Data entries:
□ □ □ □ □

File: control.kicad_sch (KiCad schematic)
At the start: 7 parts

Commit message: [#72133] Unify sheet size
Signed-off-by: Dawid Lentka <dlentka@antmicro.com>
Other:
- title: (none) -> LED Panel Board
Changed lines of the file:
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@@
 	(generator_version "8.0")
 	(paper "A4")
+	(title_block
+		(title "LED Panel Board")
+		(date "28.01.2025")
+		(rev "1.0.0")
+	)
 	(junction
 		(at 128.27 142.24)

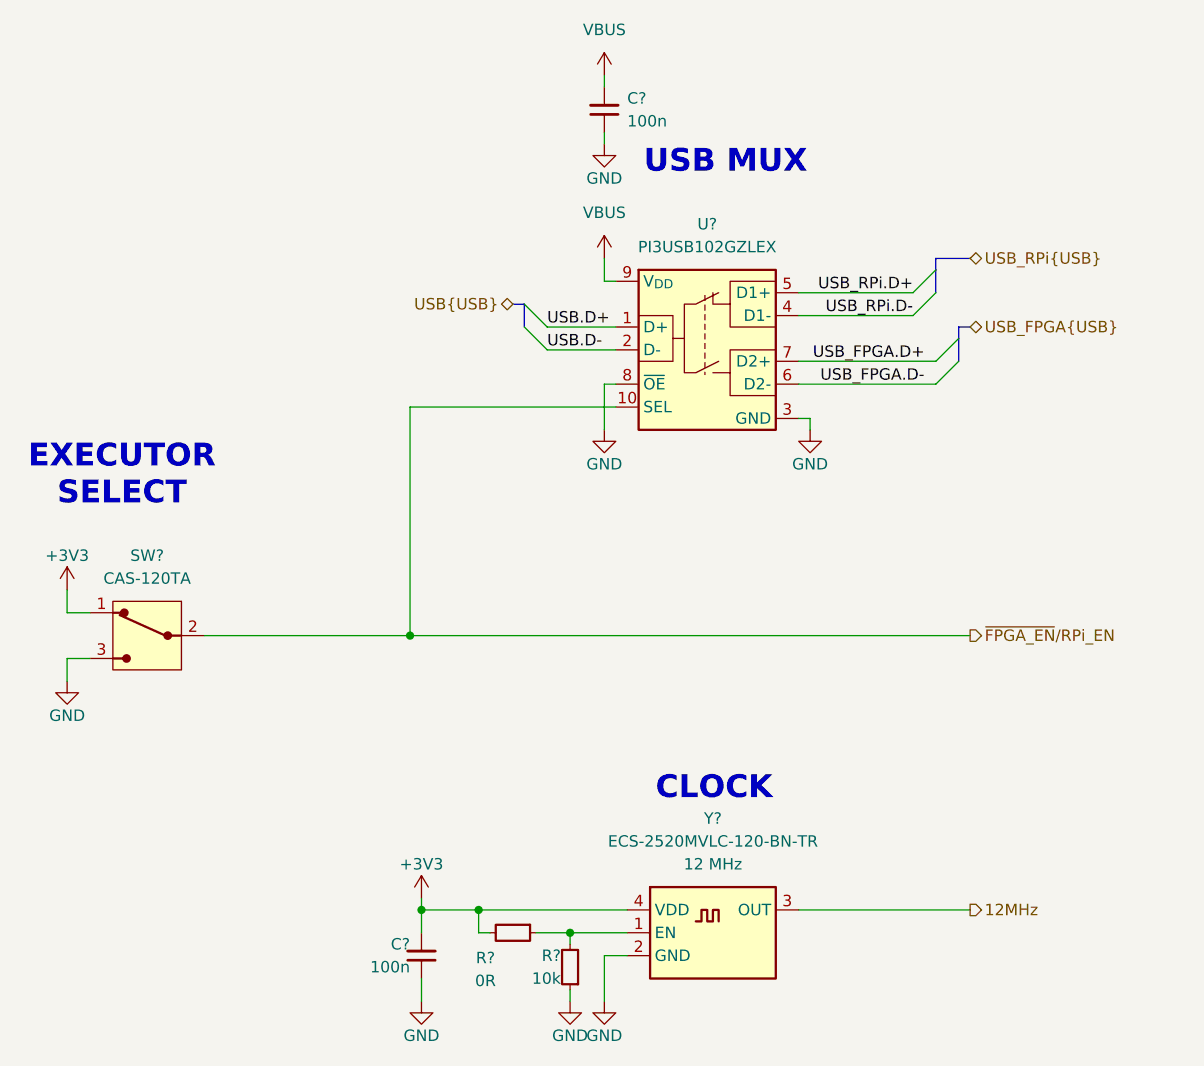
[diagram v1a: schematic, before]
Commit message: [#72133] Add indicator LEDs & testpoints
Signed-off-by: Dawid Lentka <dlentka@antmicro.com>
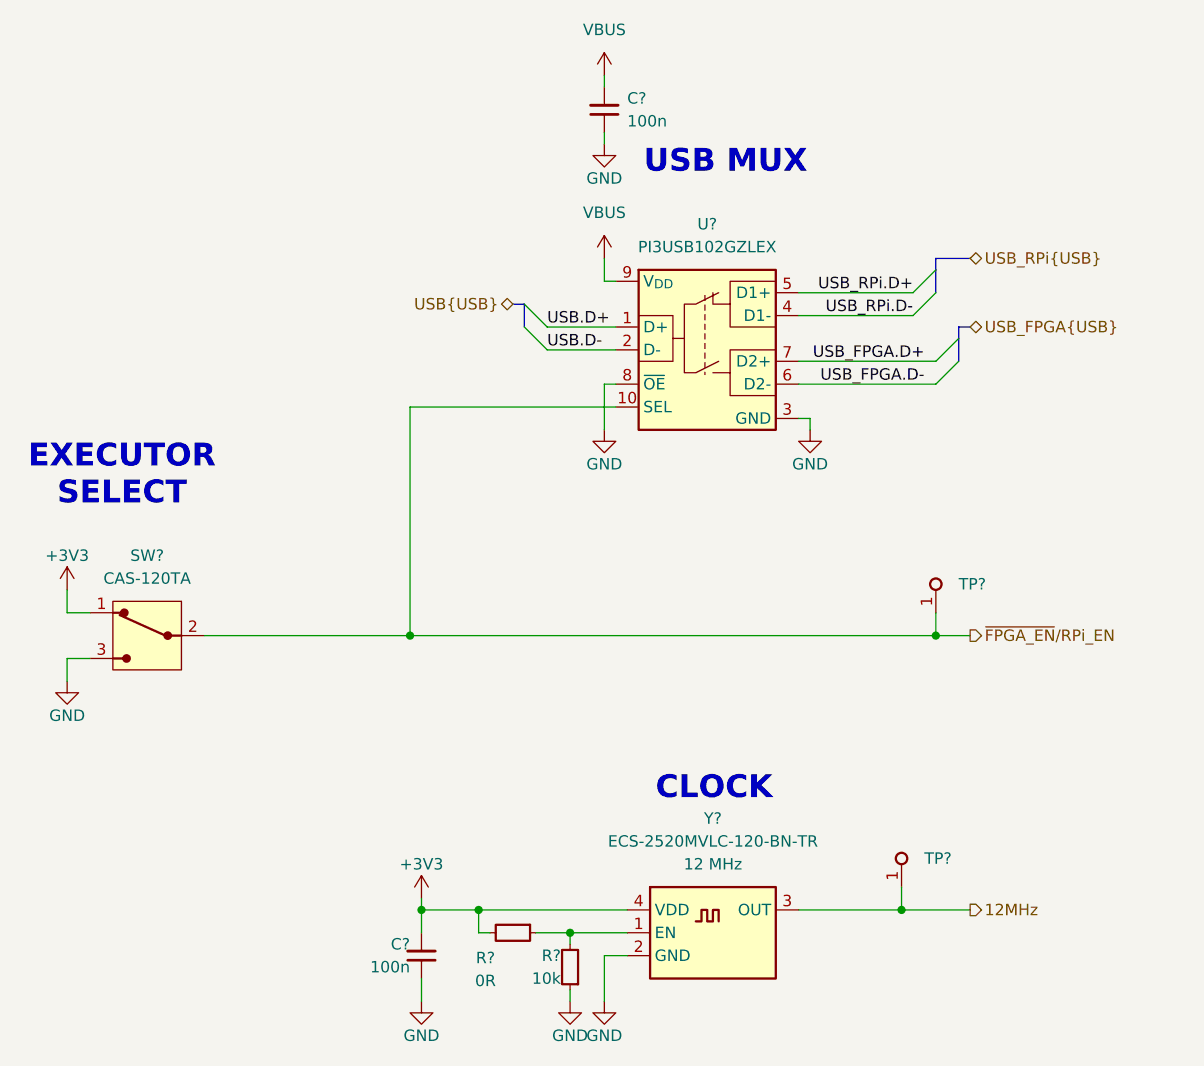
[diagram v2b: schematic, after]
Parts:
- added TP? (x2): TP_0.75mm_SMD, antmicro-footprints:TP_SMD_0.75mm, symbol antmicroTestPoints:TP_0.75mm_SMD
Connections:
- net 12MHz: now also TP?.1
- net ~{FPGA_EN}/RPi_EN: now also TP?.1

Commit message: [#72133] Annotate schematics
Signed-off-by: Dawid Lentka <dlentka@antmicro.com>
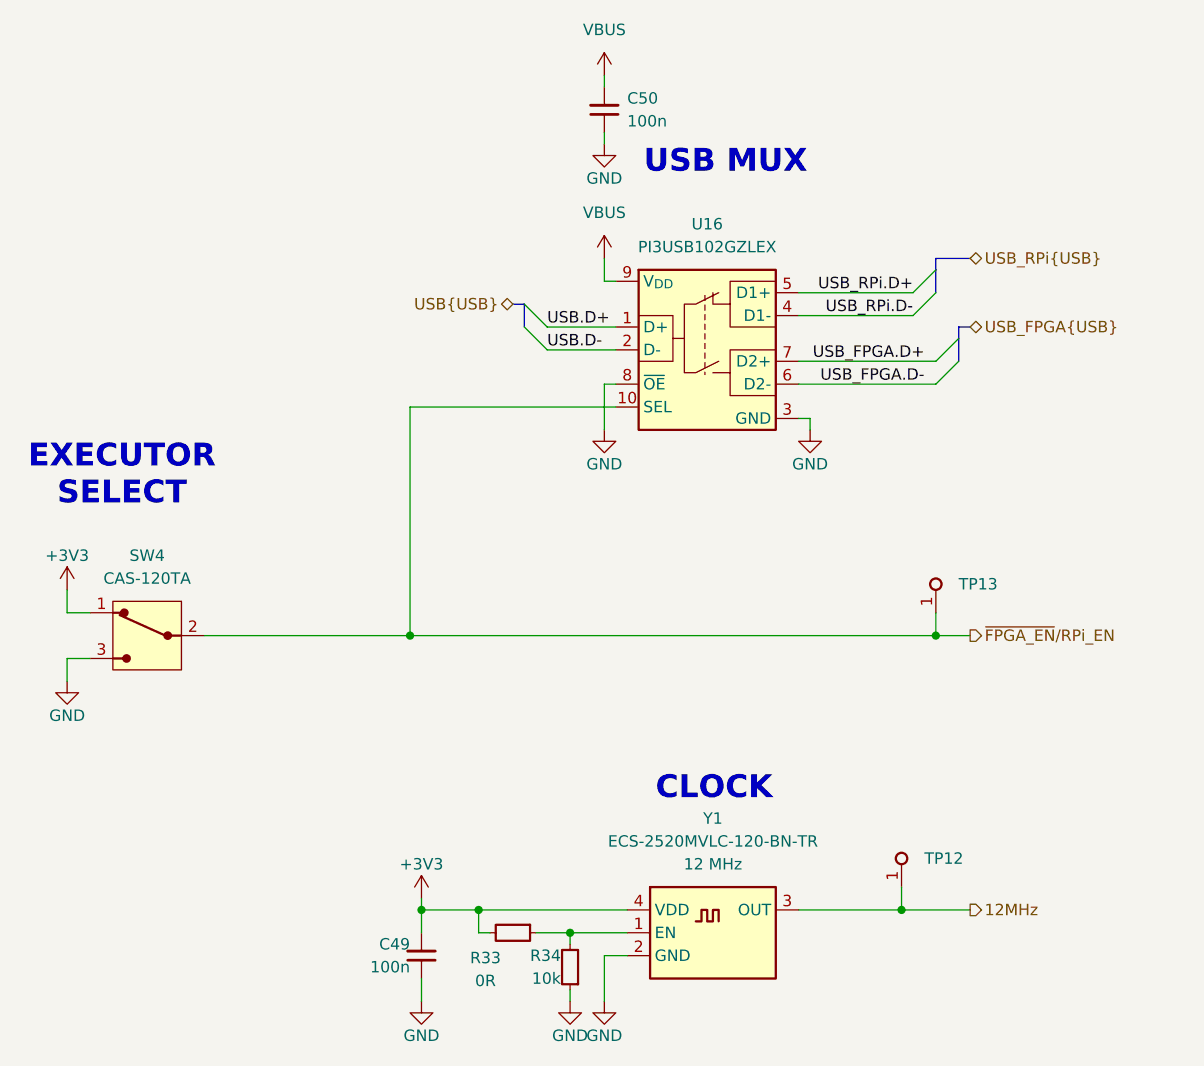
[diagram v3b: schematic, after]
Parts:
- gave numbers to parts that had none: 9
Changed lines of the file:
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@@
 		(dnp no)
 		(fields_autoplaced yes)
-		(property "Reference" "C?"
+		(property "Reference" "C50"
 			(at 144.78 52.0636 90)
 			(effects
@@
 			(project "led-panel"
 				(path "/a86e1cab-ea0a-45e6-9194-d44b0d5c9450/db63d7f0-b7b2-40ed-85ed-c3224adc3539"
-					(reference "C?")
+					(reference "C50")
 					(unit 1)
 				)
@@
 		(on_board yes)
 		(dnp no)
-		(property "Reference" "#PWR095"
+		(property "Reference" "#PWR0122"
 			(at 133.35 91.44 0)
 			(effects
@@
 			(project "led-panel"
 				(path "/a86e1cab-ea0a-45e6-9194-d44b0d5c9450/db63d7f0-b7b2-40ed-85ed-c3224adc3539"
-					(reference "#PWR095")
+					(reference "#PWR0122")
 					(unit 1)
 				)
@@
 		(dnp no)
 		(fields_autoplaced yes)
-		(property "Reference" "TP?"
+		(property "Reference" "TP13"
 			(at 181.61 106.045 90)
 			(effects
@@
 			(project "led-panel"
 				(path "/a86e1cab-ea0a-45e6-9194-d44b0d5c9450/db63d7f0-b7b2-40ed-85ed-c3224adc3539"
-					(reference "TP?")
+					(reference "TP13")
 					(unit 1)
 				)
@@
 		(on_board yes)
 		(dnp no)
-		(property "Reference" "#PWR026"
+		(property "Reference" "#PWR0123"
 			(at 133.35 154.94 0)
 			(effects
@@
 			(project "led-panel"
 				(path "/a86e1cab-ea0a-45e6-9194-d44b0d5c9450/db63d7f0-b7b2-40ed-85ed-c3224adc3539"
-					(reference "#PWR026")
+					(reference "#PWR0123")
 					(unit 1)
 				)
@@
 		(dnp no)
 		(fields_autoplaced yes)
-		(property "Reference" "SW?"
+		(property "Reference" "SW4"
 			(at 91.44 102.87 0)
 			(effects
@@
 			(project "led-panel"
 				(path "/a86e1cab-ea0a-45e6-9194-d44b0d5c9450/db63d7f0-b7b2-40ed-85ed-c3224adc3539"
-					(reference "SW?")
+					(reference "SW4")
 					(unit 1)
 				)
@@
 		(on_board yes)
 		(dnp no)
-		(property "Reference" "#PWR015"
+		(property "Reference" "#PWR0116"
 			(at 137.16 140.97 0)
 			(effects
@@
 			(project "led-panel"
 				(path "/a86e1cab-ea0a-45e6-9194-d44b0d5c9450/db63d7f0-b7b2-40ed-85ed-c3224adc3539"
-					(reference "#PWR015")
+					(reference "#PWR0116")
 					(unit 1)
 				)
@@
 		(dnp no)
 		(fields_autoplaced yes)
-		(property "Reference" "Y?"
+		(property "Reference" "Y1"
 			(at 154.305 132.08 0)
 			(effects
@@
 			(project "led-panel"
 				(path "/a86e1cab-ea0a-45e6-9194-d44b0d5c9450/db63d7f0-b7b2-40ed-85ed-c3224adc3539"
-					(reference "Y?")
+					(reference "Y1")
 					(unit 1)
 				)
@@
 		(on_board yes)
 		(dnp no)
-		(property "Reference" "#PWR093"
+		(property "Reference" "#PWR0120"
 			(at 151.13 59.69 0)
 			(effects
@@
 			(project "led-panel"
 				(path "/a86e1cab-ea0a-45e6-9194-d44b0d5c9450/db63d7f0-b7b2-40ed-85ed-c3224adc3539"
-					(reference "#PWR093")
+					(reference "#PWR0120")
 					(unit 1)
 				)
@@
 		(dnp no)
 		(fields_autoplaced yes)
-		(property "Reference" "#PWR094"
+		(property "Reference" "#PWR0121"
 			(at 142.24 73.66 0)
 			(effects
@@
 			(project "led-panel"
 				(path "/a86e1cab-ea0a-45e6-9194-d44b0d5c9450/db63d7f0-b7b2-40ed-85ed-c3224adc3539"
-					(reference "#PWR094")
+					(reference "#PWR0121")
 					(unit 1)
 				)
@@
 		(on_board yes)
 		(dnp no)
-		(property "Reference" "#PWR020"
+		(property "Reference" "#PWR0118"
 			(at 129.54 154.94 0)
 			(effects
@@
 			(project "led-panel"
 				(path "/a86e1cab-ea0a-45e6-9194-d44b0d5c9450/db63d7f0-b7b2-40ed-85ed-c3224adc3539"
-					(reference "#PWR020")
+					(reference "#PWR0118")
 					(unit 1)
 				)
@@
 		(dnp no)
 		(fields_autoplaced yes)
-		(property "Reference" "U?"
+		(property "Reference" "U16"
 			(at 153.67 66.04 0)
 			(effects
@@
 			(project "led-panel"
 				(path "/a86e1cab-ea0a-45e6-9194-d44b0d5c9450/db63d7f0-b7b2-40ed-85ed-c3224adc3539"
-					(reference "U?")
+					(reference "U16")
 					(unit 1)
 				)
@@
 		(on_board yes)
 		(dnp no)
-		(property "Reference" "#PWR019"
+		(property "Reference" "#PWR0117"
 			(at 113.03 154.94 0)
 			(effects
@@
 			(project "led-panel"
 				(path "/a86e1cab-ea0a-45e6-9194-d44b0d5c9450/db63d7f0-b7b2-40ed-85ed-c3224adc3539"
-					(reference "#PWR019")
+					(reference "#PWR0117")
 					(unit 1)
 				)
@@
 		(on_board yes)
 		(dnp no)
-		(property "Reference" "R?"
+		(property "Reference" "R34"
 			(at 137.414 147.32 90)
 			(effects
@@
 			(project "led-panel"
 				(path "/a86e1cab-ea0a-45e6-9194-d44b0d5c9450/db63d7f0-b7b2-40ed-85ed-c3224adc3539"
-					(reference "R?")
+					(reference "R34")
 					(unit 1)
 				)
@@
 		(on_board yes)
 		(dnp no)
-		(property "Reference" "#PWR091"
+		(property "Reference" "#PWR0115"
 			(at 73.66 119.38 0)
 			(effects
@@
 			(project "led-panel"
 				(path "/a86e1cab-ea0a-45e6-9194-d44b0d5c9450/db63d7f0-b7b2-40ed-85ed-c3224adc3539"
-					(reference "#PWR091")
+					(reference "#PWR0115")
 					(unit 1)
 				)
@@
 		(on_board yes)
 		(dnp no)
-		(property "Reference" "#PWR096"
+		(property "Reference" "#PWR0124"
 			(at 156.21 91.44 0)
 			(effects
@@
 			(project "led-panel"
 				(path "/a86e1cab-ea0a-45e6-9194-d44b0d5c9450/db63d7f0-b7b2-40ed-85ed-c3224adc3539"
-					(reference "#PWR096")
+					(reference "#PWR0124")
 					(unit 1)
 				)
@@
 		(dnp no)
 		(fields_autoplaced yes)
-		(property "Reference" "TP?"
+		(property "Reference" "TP12"
 			(at 177.8 136.525 90)
 			(effects
@@
 			(project "led-panel"
 				(path "/a86e1cab-ea0a-45e6-9194-d44b0d5c9450/db63d7f0-b7b2-40ed-85ed-c3224adc3539"
-					(reference "TP?")
+					(reference "TP12")
 					(unit 1)
 				)
@@
 		(on_board yes)
 		(dnp no)
-		(property "Reference" "R?"
+		(property "Reference" "R33"
 			(at 129.032 147.574 0)
 			(effects
@@
 			(project "led-panel"
 				(path "/a86e1cab-ea0a-45e6-9194-d44b0d5c9450/db63d7f0-b7b2-40ed-85ed-c3224adc3539"
-					(reference "R?")
+					(reference "R33")
 					(unit 1)
 				)
@@
 		(dnp no)
 		(fields_autoplaced yes)
-		(property "Reference" "#PWR092"
+		(property "Reference" "#PWR0119"
 			(at 142.24 53.34 0)
 			(effects
@@
 			(project "led-panel"
 				(path "/a86e1cab-ea0a-45e6-9194-d44b0d5c9450/db63d7f0-b7b2-40ed-85ed-c3224adc3539"
-					(reference "#PWR092")
+					(reference "#PWR0119")
 					(unit 1)
 				)
@@
 		(on_board yes)
 		(dnp no)
-		(property "Reference" "C?"
+		(property "Reference" "C49"
 			(at 120.65 146.05 90)
 			(effects
@@
 			(project "led-panel"
 				(path "/a86e1cab-ea0a-45e6-9194-d44b0d5c9450/db63d7f0-b7b2-40ed-85ed-c3224adc3539"
-					(reference "C?")
+					(reference "C49")
 					(unit 1)
 				)
@@
 		(on_board yes)
 		(dnp no)
-		(property "Reference" "#PWR089"
+		(property "Reference" "#PWR0114"
 			(at 97.79 106.68 0)
 			(effects
@@
 			(project "led-panel"
 				(path "/a86e1cab-ea0a-45e6-9194-d44b0d5c9450/db63d7f0-b7b2-40ed-85ed-c3224adc3539"
-					(reference "#PWR089")
+					(reference "#PWR0114")
 					(unit 1)
 				)

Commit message: [#72133] Sch: Update control hierarchy
Signed-off-by: Dawid Lentka <dlentka@antmicro.com>
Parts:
- removed C49, C50: C_100n_0402, antmicro-footprints:C_0402_1005Metric, symbol antmicroCapacitors0402:C_100n_0402
- removed R33: R_0R_0402, antmicro-footprints:R_0402_1005Metric, symbol antmicroResistors0402:R_0R_0402
- removed R34: R_10k_0402, antmicro-footprints:R_0402_1005Metric, symbol antmicroResistors0402:R_10k_0402
- removed SW4: CAS-120TA, antmicro-footprints:Switch_Slide_CAS-120TA, symbol antmicroSlideSwitches:CAS-120TA
- removed TP12, TP13: TP_0.75mm_SMD, antmicro-footprints:TP_SMD_0.75mm, symbol antmicroTestPoints:TP_0.75mm_SMD
- removed U16: PI3USB102GZLEX, antmicro-footprints:UQFN-10_1.4x1.8x0.5mm_P0.4mm, symbol antmicroInterfaceAnalogSwitchesSpecialPurpose:PI3USB102GZLEX
- removed Y1: Oscillator_12MHz_ESC_2520MV, antmicro-footprints:Oscillator_SMD_ECS_2520MV_2.5x2mm, symbol antmicroOscillators:Oscillator_12MHz_ESC_2520MV
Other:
- note removed: "CLOCK"
- note removed: "EXECUTOR SELECT"
- note removed: "USB MUX"

□ □ □ □ □

# [WHAT NEEDS TO BE DONE]
Take the line that contains "R_0R_0402, antmicro-footprints:R_0402_1005Metric, symbol" and every line after it to the end of the entries above, and reproduce them exactly.

# [EXERCISE RESPONSE]
- removed R33: R_0R_0402, antmicro-footprints:R_0402_1005Metric, symbol antmicroResistors0402:R_0R_0402
- removed R34: R_10k_0402, antmicro-footprints:R_0402_1005Metric, symbol antmicroResistors0402:R_10k_0402
- removed SW4: CAS-120TA, antmicro-footprints:Switch_Slide_CAS-120TA, symbol antmicroSlideSwitches:CAS-120TA
- removed TP12, TP13: TP_0.75mm_SMD, antmicro-footprints:TP_SMD_0.75mm, symbol antmicroTestPoints:TP_0.75mm_SMD
- removed U16: PI3USB102GZLEX, antmicro-footprints:UQFN-10_1.4x1.8x0.5mm_P0.4mm, symbol antmicroInterfaceAnalogSwitchesSpecialPurpose:PI3USB102GZLEX
- removed Y1: Oscillator_12MHz_ESC_2520MV, antmicro-footprints:Oscillator_SMD_ECS_2520MV_2.5x2mm, symbol antmicroOscillators:Oscillator_12MHz_ESC_2520MV
Other:
- note removed: "CLOCK"
- note removed: "EXECUTOR SELECT"
- note removed: "USB MUX"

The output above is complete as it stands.